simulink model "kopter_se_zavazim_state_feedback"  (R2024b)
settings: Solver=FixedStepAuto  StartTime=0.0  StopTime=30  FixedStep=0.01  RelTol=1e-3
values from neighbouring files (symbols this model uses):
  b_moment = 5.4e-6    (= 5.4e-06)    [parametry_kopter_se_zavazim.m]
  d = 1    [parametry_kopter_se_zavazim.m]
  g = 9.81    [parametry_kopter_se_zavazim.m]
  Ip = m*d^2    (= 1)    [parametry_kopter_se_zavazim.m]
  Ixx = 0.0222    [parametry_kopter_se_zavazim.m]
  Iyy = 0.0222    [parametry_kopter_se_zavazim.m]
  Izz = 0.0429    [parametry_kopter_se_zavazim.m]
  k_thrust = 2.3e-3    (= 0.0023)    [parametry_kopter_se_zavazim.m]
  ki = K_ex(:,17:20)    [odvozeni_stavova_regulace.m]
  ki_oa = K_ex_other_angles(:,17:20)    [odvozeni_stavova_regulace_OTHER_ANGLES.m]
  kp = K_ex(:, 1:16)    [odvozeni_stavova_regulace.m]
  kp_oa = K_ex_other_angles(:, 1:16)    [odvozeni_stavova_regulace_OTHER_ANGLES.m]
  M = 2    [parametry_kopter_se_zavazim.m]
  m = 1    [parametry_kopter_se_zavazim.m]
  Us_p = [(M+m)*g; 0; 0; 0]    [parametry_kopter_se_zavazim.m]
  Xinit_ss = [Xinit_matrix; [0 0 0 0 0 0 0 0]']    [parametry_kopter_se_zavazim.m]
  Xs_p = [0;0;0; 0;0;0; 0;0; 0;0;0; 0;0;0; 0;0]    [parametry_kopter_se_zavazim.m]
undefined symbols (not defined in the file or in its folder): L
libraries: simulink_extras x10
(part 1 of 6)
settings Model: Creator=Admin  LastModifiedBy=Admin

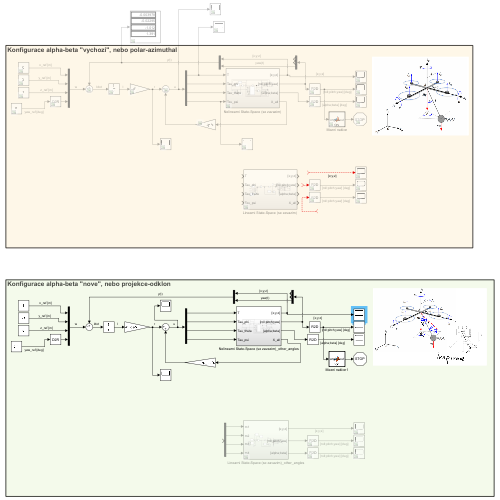
[thumbnail: Simulink's stored preview of the top-level diagram]
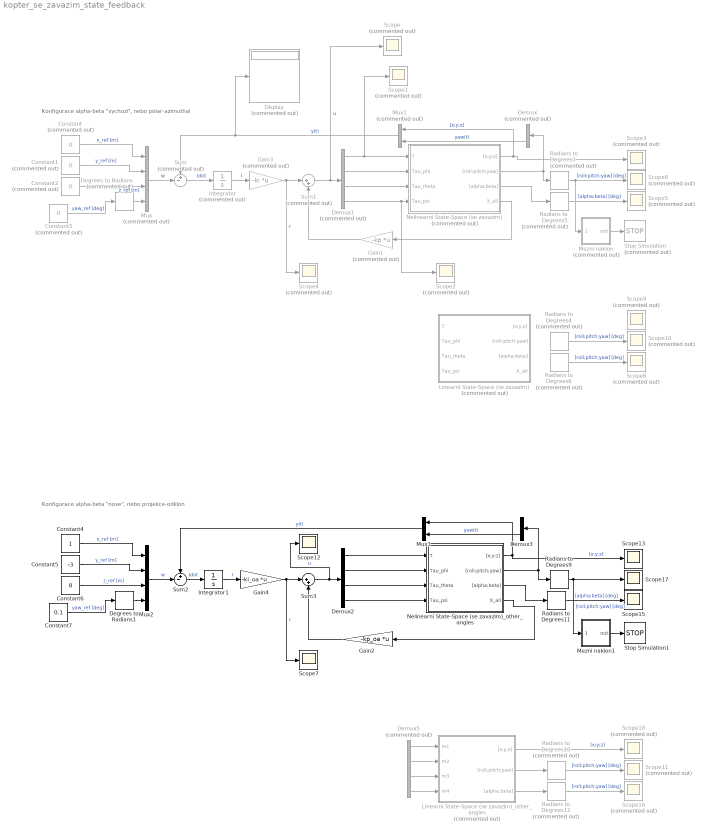
== system kopter_se_zavazim_state_feedback ==
  note: Konfigurace alpha-beta "vychozi", nebo polar-azimuthal
  note: Konfigurace alpha-beta "nove", nebo projekce-odklon
  Constant{,1..3} (4 alike) : Constant  Commented=on  Value=0
  Constant4 : Constant
  Constant5 : Constant  Value=-3
  Constant6 : Constant  Value=8
  Constant7 : Constant  Value=0.1
  Degrees to Radians : simulink_extras/Transformations/Degrees to Radians  Commented=on
  Degrees to Radians1 : simulink_extras/Transformations/Degrees to Radians
  Demux : Demux  Commented=on  Outputs=3
  Demux1 : Demux  Commented=on
  Demux2 : Demux
  Demux3 : Demux  Outputs=3
  Demux5 : Demux  Commented=on
  Display : Display  Commented=on
  Gain1 : Gain  Commented=on  Gain=-kp  Multiplication=Matrix(K*u)
  Gain2 : Gain  Gain=-kp_oa  Multiplication=Matrix(K*u)
  Gain3 : Gain  Commented=on  Gain=-ki  Multiplication=Matrix(K*u)
  Gain4 : Gain  Gain=-ki_oa  Multiplication=Matrix(K*u)
  Integrator : Integrator  Commented=on
  Integrator1 : Integrator
  "Linearni State-Space (se zavazim) " : Subsystem  Commented=on
  Linearni State-Space (se zavazim)_other_angles : Subsystem  Commented=on
  Mezni naklon : MATLAB Function  Commented=on  TreatAsAtomicUnit=on
  Mezni naklon1 : MATLAB Function  TreatAsAtomicUnit=on
  Mux : Mux  Commented=on
  Mux1 : Mux  Commented=on  Inputs=2
  Mux2 : Mux
  Mux3 : Mux  Inputs=2
  Nelinearni State-Space (se zavazim) : Subsystem  Commented=on
  Nelinearni State-Space (se zavazim)_other_angles : Subsystem
  Radians to Degrees{3..6,10,12} (6 alike) : simulink_extras/Transformations/Radians to Degrees  Commented=on
  Radians to Degrees11 : simulink_extras/Transformations/Radians to Degrees
  Radians to Degrees9 : simulink_extras/Transformations/Radians to Degrees
  Scope{,1..6,8..11,16,18} (13 alike) : Scope  Commented=on
  Scope{7,12..13,15,17} (5 alike) : Scope
  Stop Simulation : Stop  Commented=on
  Stop Simulation1 : Stop
  Sum : Sum  Commented=on  Inputs=+-|
  Sum1 : Sum  Commented=on  Inputs=|++
  Sum2 : Sum  Inputs=+-|
  Sum3 : Sum  Inputs=|++
  wires:
  Linearni State-Space (se zavazim)_other_angles/1("[x;y;z]") -> Scope18/1  "[x;y;z]"
  Nelinearni State-Space (se zavazim)/2("[roll;pitch;yaw]") -> Radians to Degrees3/1, Demux/1
  Demux5/3 -> Linearni State-Space (se zavazim)_other_angles/3(m3)
  Radians to Degrees6/1 -> Scope6/1  "[roll;pitch;yaw] [deg]"
  ? -> Radians to Degrees6/1
  Demux5/2 -> Linearni State-Space (se zavazim)_other_angles/2(m2)
  Radians to Degrees5/1 -> Scope5/1  "[alpha;beta] [deg]"
  Nelinearni State-Space (se zavazim)_other_angles/3("[alpha;beta]") -> Radians to Degrees11/1
  ? -> Radians to Degrees4/1
  Linearni State-Space (se zavazim)_other_angles/3("[alpha;beta]") -> Radians to Degrees12/1
  Radians to Degrees10/1 -> Scope11/1  "[roll;pitch;yaw] [deg]"
  Radians to Degrees3/1 -> Mezni naklon/1(angles), Scope8/1  "[roll;pitch;yaw] [deg]"
  Linearni State-Space (se zavazim)_other_angles/2("[roll;pitch;yaw]") -> Radians to Degrees10/1
  Radians to Degrees12/1 -> Scope16/1  "[roll;pitch;yaw] [deg]"
  Demux5/1 -> Linearni State-Space (se zavazim)_other_angles/1(m1)
  Demux5/4 -> Linearni State-Space (se zavazim)_other_angles/4(m4)
  Nelinearni State-Space (se zavazim)/1("[x;y;z]") -> Mux1/1, Scope3/1  "[x;y;z]"
  Radians to Degrees4/1 -> Scope10/1  "[roll;pitch;yaw] [deg]"
  ? -> Scope9/1  "[x;y;z]"
  Radians to Degrees9/1 -> Mezni naklon1/1(angles), Scope17/1  "[roll;pitch;yaw] [deg]"
  Radians to Degrees11/1 -> Scope15/1  "[alpha;beta] [deg]"
  Nelinearni State-Space (se zavazim)/3("[alpha;beta]") -> Radians to Degrees5/1
  Constant/1 -> Mux/1  "x_ref [m]"
  Constant1/1 -> Mux/2  "y_ref [m]"
  Constant2/1 -> Mux/3  "z_ref [m]"
  Degrees to Radians/1 -> Mux/4
  Constant3/1 -> Degrees to Radians/1  "yaw_ref [deg]"
  Mux/1 -> Sum/2  "w"
  Demux/3 -> Mux1/2  "yaw(t)"
  Mux1/1 -> Display/1, Sum/1  "y(t)"
  Sum/1 -> Integrator/1  "Idot"
  Integrator/1 -> Gain3/1  "I"
  Gain3/1 -> Scope4/1, Sum1/1  "r"
  Gain1/1 -> Sum1/2
  Sum1/1 -> Scope/1, Demux1/1  "u"
  Demux1/1 -> Scope1/1, Nelinearni State-Space (se zavazim)/1(T)
  Demux1/2 -> Nelinearni State-Space (se zavazim)/2(Tau_phi)
  Demux1/3 -> Nelinearni State-Space (se zavazim)/3(Tau_theta)
  Demux1/4 -> Nelinearni State-Space (se zavazim)/4(Tau_psi), Scope2/1
  Nelinearni State-Space (se zavazim)/4(X_all) -> Gain1/1
  Mezni naklon/1(out) -> Stop Simulation/1
  Demux2/3 -> Nelinearni State-Space (se zavazim)_other_angles/3(Tau_theta)
  Demux2/2 -> Nelinearni State-Space (se zavazim)_other_angles/2(Tau_phi)
  Constant5/1 -> Mux2/2  "y_ref [m]"
  Constant7/1 -> Degrees to Radians1/1  "yaw_ref [deg]"
  Constant6/1 -> Mux2/3  "z_ref [m]"
  Gain2/1 -> Sum3/2
  Mux2/1 -> Sum2/2  "w"
  Sum3/1 -> Scope12/1, Demux2/1  "u"
  Mux3/1 -> Sum2/1  "y(t)"
  Demux2/4 -> Nelinearni State-Space (se zavazim)_other_angles/4(Tau_psi)
  Sum2/1 -> Integrator1/1  "Idot"
  Gain4/1 -> Scope7/1, Sum3/1  "r"
  Demux2/1 -> Nelinearni State-Space (se zavazim)_other_angles/1(T)
  Integrator1/1 -> Gain4/1  "I"
  Degrees to Radians1/1 -> Mux2/4
  Constant4/1 -> Mux2/1  "x_ref [m]"
  Demux3/3 -> Mux3/2  "yaw(t)"
  Nelinearni State-Space (se zavazim)_other_angles/1("[x;y;z]") -> Scope13/1, Mux3/1  "[x;y;z]"
  Nelinearni State-Space (se zavazim)_other_angles/2("[roll;pitch;yaw]") -> Radians to Degrees9/1, Demux3/1
  Nelinearni State-Space (se zavazim)_other_angles/4(X_all) -> Gain2/1
  Mezni naklon1/1(out) -> Stop Simulation1/1

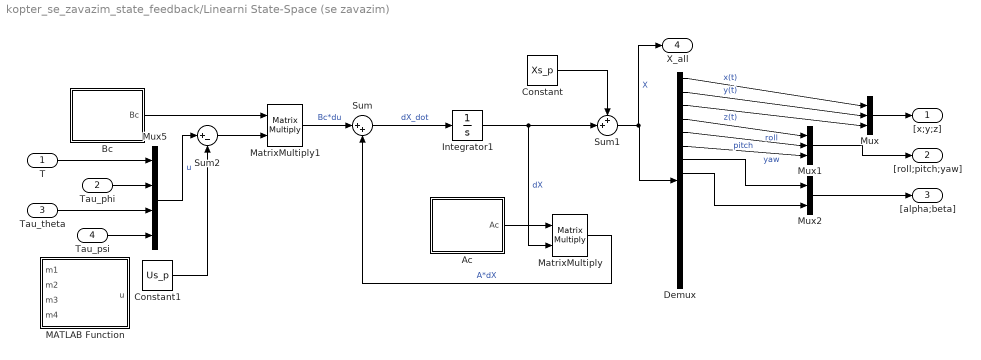
== system kopter_se_zavazim_state_feedback/Linearni State-Space (se zavazim)  ==
  T : Inport
  Tau_phi : Inport  Port=2
  Tau_theta : Inport  Port=3
  Tau_psi : Inport  Port=4
  Ac : MATLAB Function  TreatAsAtomicUnit=on
  Bc : MATLAB Function  TreatAsAtomicUnit=on
  Constant : Constant  Value=Xs_p
  Constant1 : Constant  Value=Us_p
  Demux : Demux  Outputs=16
  Integrator1 : Integrator  InitialCondition=Xinit_ss
  MATLAB Function : MATLAB Function  TreatAsAtomicUnit=on
  MatrixMultiply : Product  Multiplication=Matrix(*)
  MatrixMultiply1 : Product  Multiplication=Matrix(*)
  Mux : Mux  Inputs=3
  Mux1 : Mux  Inputs=3
  Mux2 : Mux  Inputs=2
  Mux5 : Mux
  Sum : Sum  Inputs=|++
  Sum1 : Sum  Inputs=++|
  Sum2 : Sum  Inputs=|+-
  "[x;y;z]" : Outport
  "[roll;pitch;yaw]" : Outport  Port=2
  "[alpha;beta]" : Outport  Port=3
  X_all : Outport  Port=4
  wires:
  Ac/1(Ac) -> MatrixMultiply/1
  Integrator1/1 -> Sum1/2, MatrixMultiply/2  "dX"
  Demux/1 -> Mux/1  "x(t)"
  Demux/2 -> Mux/2  "y(t)"
  Demux/3 -> Mux/3  "z(t)"
  Mux/1 -> "[x;y;z]"/1
  Demux/4 -> Mux1/1  "roll"
  Demux/5 -> Mux1/2  "pitch"
  Demux/6 -> Mux1/3  "yaw"
  Mux1/1 -> "[roll;pitch;yaw]"/1
  Sum/1 -> Integrator1/1  "dX_dot"
  MatrixMultiply1/1 -> Sum/1  "Bc*du"
  MatrixMultiply/1 -> Sum/2  "A*dX"
  Bc/1(Bc) -> MatrixMultiply1/1
  Sum1/1 -> X_all/1, Demux/1  "X"
  Constant/1 -> Sum1/1
  Constant1/1 -> Sum2/2
  Sum2/1 -> MatrixMultiply1/2
  Mux2/1 -> "[alpha;beta]"/1
  Demux/7 -> Mux2/1
  Demux/8 -> Mux2/2
  Tau_theta/1 -> Mux5/3
  Tau_psi/1 -> Mux5/4
  Tau_phi/1 -> Mux5/2
  Mux5/1 -> Sum2/1  "u"
  T/1 -> Mux5/1

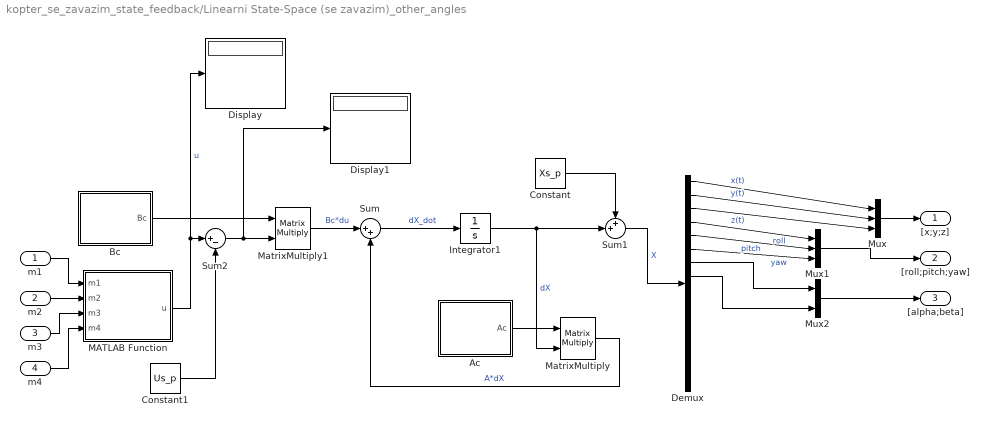
== system kopter_se_zavazim_state_feedback/Linearni State-Space (se zavazim)_other_angles ==
  m1 : Inport
  m2 : Inport  Port=2
  m3 : Inport  Port=3
  m4 : Inport  Port=4
  Ac : MATLAB Function  TreatAsAtomicUnit=on
  Bc : MATLAB Function  TreatAsAtomicUnit=on
  Constant : Constant  Value=Xs_p
  Constant1 : Constant  Value=Us_p
  Demux : Demux  Outputs=16
  Display : Display
  Display1 : Display
  Integrator1 : Integrator  InitialCondition=Xinit_ss
  MATLAB Function : MATLAB Function  TreatAsAtomicUnit=on
  MatrixMultiply : Product  Multiplication=Matrix(*)
  MatrixMultiply1 : Product  Multiplication=Matrix(*)
  Mux : Mux  Inputs=3
  Mux1 : Mux  Inputs=3
  Mux2 : Mux  Inputs=2
  Sum : Sum  Inputs=|++
  Sum1 : Sum  Inputs=++|
  Sum2 : Sum  Inputs=|+-
  "[x;y;z]" : Outport
  "[roll;pitch;yaw]" : Outport  Port=2
  "[alpha;beta]" : Outport  Port=3
  wires:
  MATLAB Function/1(u) -> Display/1, Sum2/1  "u"
  m3/1 -> MATLAB Function/3(m3)
  m2/1 -> MATLAB Function/2(m2)
  m4/1 -> MATLAB Function/4(m4)
  m1/1 -> MATLAB Function/1(m1)
  Ac/1(Ac) -> MatrixMultiply/1
  Integrator1/1 -> Sum1/2, MatrixMultiply/2  "dX"
  Demux/1 -> Mux/1  "x(t)"
  Demux/2 -> Mux/2  "y(t)"
  Demux/3 -> Mux/3  "z(t)"
  Mux/1 -> "[x;y;z]"/1
  Demux/4 -> Mux1/1  "roll"
  Demux/5 -> Mux1/2  "pitch"
  Demux/6 -> Mux1/3  "yaw"
  Mux1/1 -> "[roll;pitch;yaw]"/1
  Sum/1 -> Integrator1/1  "dX_dot"
  MatrixMultiply1/1 -> Sum/1  "Bc*du"
  MatrixMultiply/1 -> Sum/2  "A*dX"
  Bc/1(Bc) -> MatrixMultiply1/1
  Sum1/1 -> Demux/1  "X"
  Constant/1 -> Sum1/1
  Constant1/1 -> Sum2/2
  Sum2/1 -> Display1/1, MatrixMultiply1/2
  Mux2/1 -> "[alpha;beta]"/1
  Demux/7 -> Mux2/1
  Demux/8 -> Mux2/2

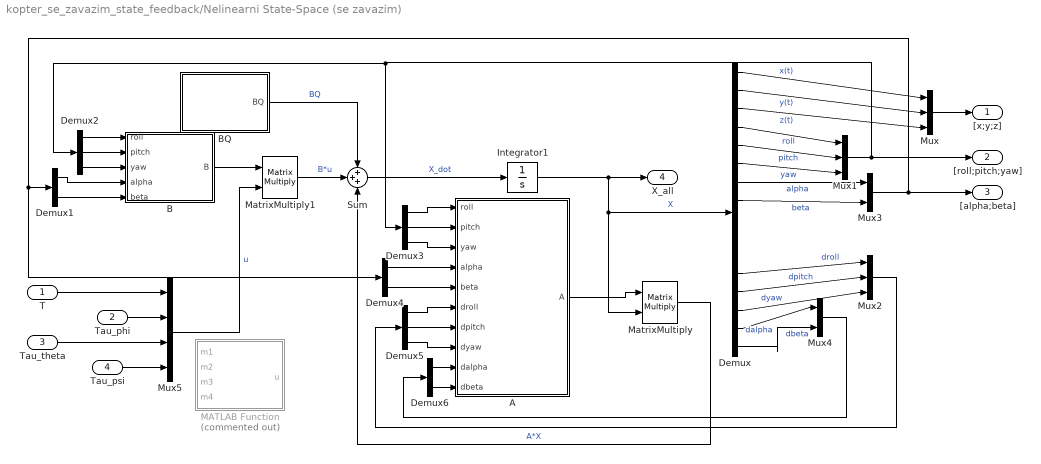
== system kopter_se_zavazim_state_feedback/Nelinearni State-Space (se zavazim) ==
  T : Inport
  Tau_phi : Inport  Port=2
  Tau_theta : Inport  Port=3
  Tau_psi : Inport  Port=4
  A : MATLAB Function  TreatAsAtomicUnit=on
  B : MATLAB Function  TreatAsAtomicUnit=on
  BQ : MATLAB Function  TreatAsAtomicUnit=on
  Demux : Demux  Outputs=16
  Demux1 : Demux  Outputs=2
  Demux2 : Demux  Outputs=3
  Demux3 : Demux  Outputs=3
  Demux4 : Demux  Outputs=2
  Demux5 : Demux  Outputs=3
  Demux6 : Demux  Outputs=2
  Integrator1 : Integrator  InitialCondition=Xinit_ss
  MATLAB Function : MATLAB Function  Commented=on  TreatAsAtomicUnit=on
  MatrixMultiply : Product  Multiplication=Matrix(*)
  MatrixMultiply1 : Product  Multiplication=Matrix(*)
  Mux : Mux  Inputs=3
  Mux1 : Mux  Inputs=3
  Mux2 : Mux  Inputs=3
  Mux3 : Mux  Inputs=2
  Mux4 : Mux  Inputs=2
  Mux5 : Mux
  Sum : Sum  Inputs=+++
  "[x;y;z]" : Outport
  "[roll;pitch;yaw]" : Outport  Port=2
  "[alpha;beta]" : Outport  Port=3
  X_all : Outport  Port=4
  wires:
  Mux5/1 -> MatrixMultiply1/2  "u"
  A/1(A) -> MatrixMultiply/1
  Integrator1/1 -> X_all/1, MatrixMultiply/2, Demux/1  "X"
  Demux/1 -> Mux/1  "x(t)"
  Demux/2 -> Mux/2  "y(t)"
  Demux/3 -> Mux/3  "z(t)"
  Mux/1 -> "[x;y;z]"/1
  Demux/4 -> Mux1/1  "roll"
  Demux/5 -> Mux1/2  "pitch"
  Demux/6 -> Mux1/3  "yaw"
  Mux1/1 -> Demux2/1, Demux3/1, "[roll;pitch;yaw]"/1
  Demux/12 -> Mux2/1  "droll"
  Demux/13 -> Mux2/2  "dpitch"
  Demux/14 -> Mux2/3  "dyaw"
  Demux2/1 -> B/1(roll)
  Demux2/2 -> B/2(pitch)
  Demux2/3 -> B/3(yaw)
  Demux3/2 -> A/2(pitch)
  Demux3/1 -> A/1(roll)
  Demux3/3 -> A/3(yaw)
  Demux5/2 -> A/7(dpitch)
  Demux5/1 -> A/6(droll)
  Demux5/3 -> A/8(dyaw)
  Sum/1 -> Integrator1/1  "X_dot"
  BQ/1(BQ) -> Sum/1  "BQ"
  MatrixMultiply1/1 -> Sum/2  "B*u"
  B/1(B) -> MatrixMultiply1/1
  MatrixMultiply/1 -> Sum/3  "A*X"
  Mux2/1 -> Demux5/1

────────

• [Instructions to follow]
Locate the string "droll" in the listing above and copy every line where it occurs.

• [Answer space]
  Demux/12 -> Mux2/1  "droll"
  Demux5/1 -> A/6(droll)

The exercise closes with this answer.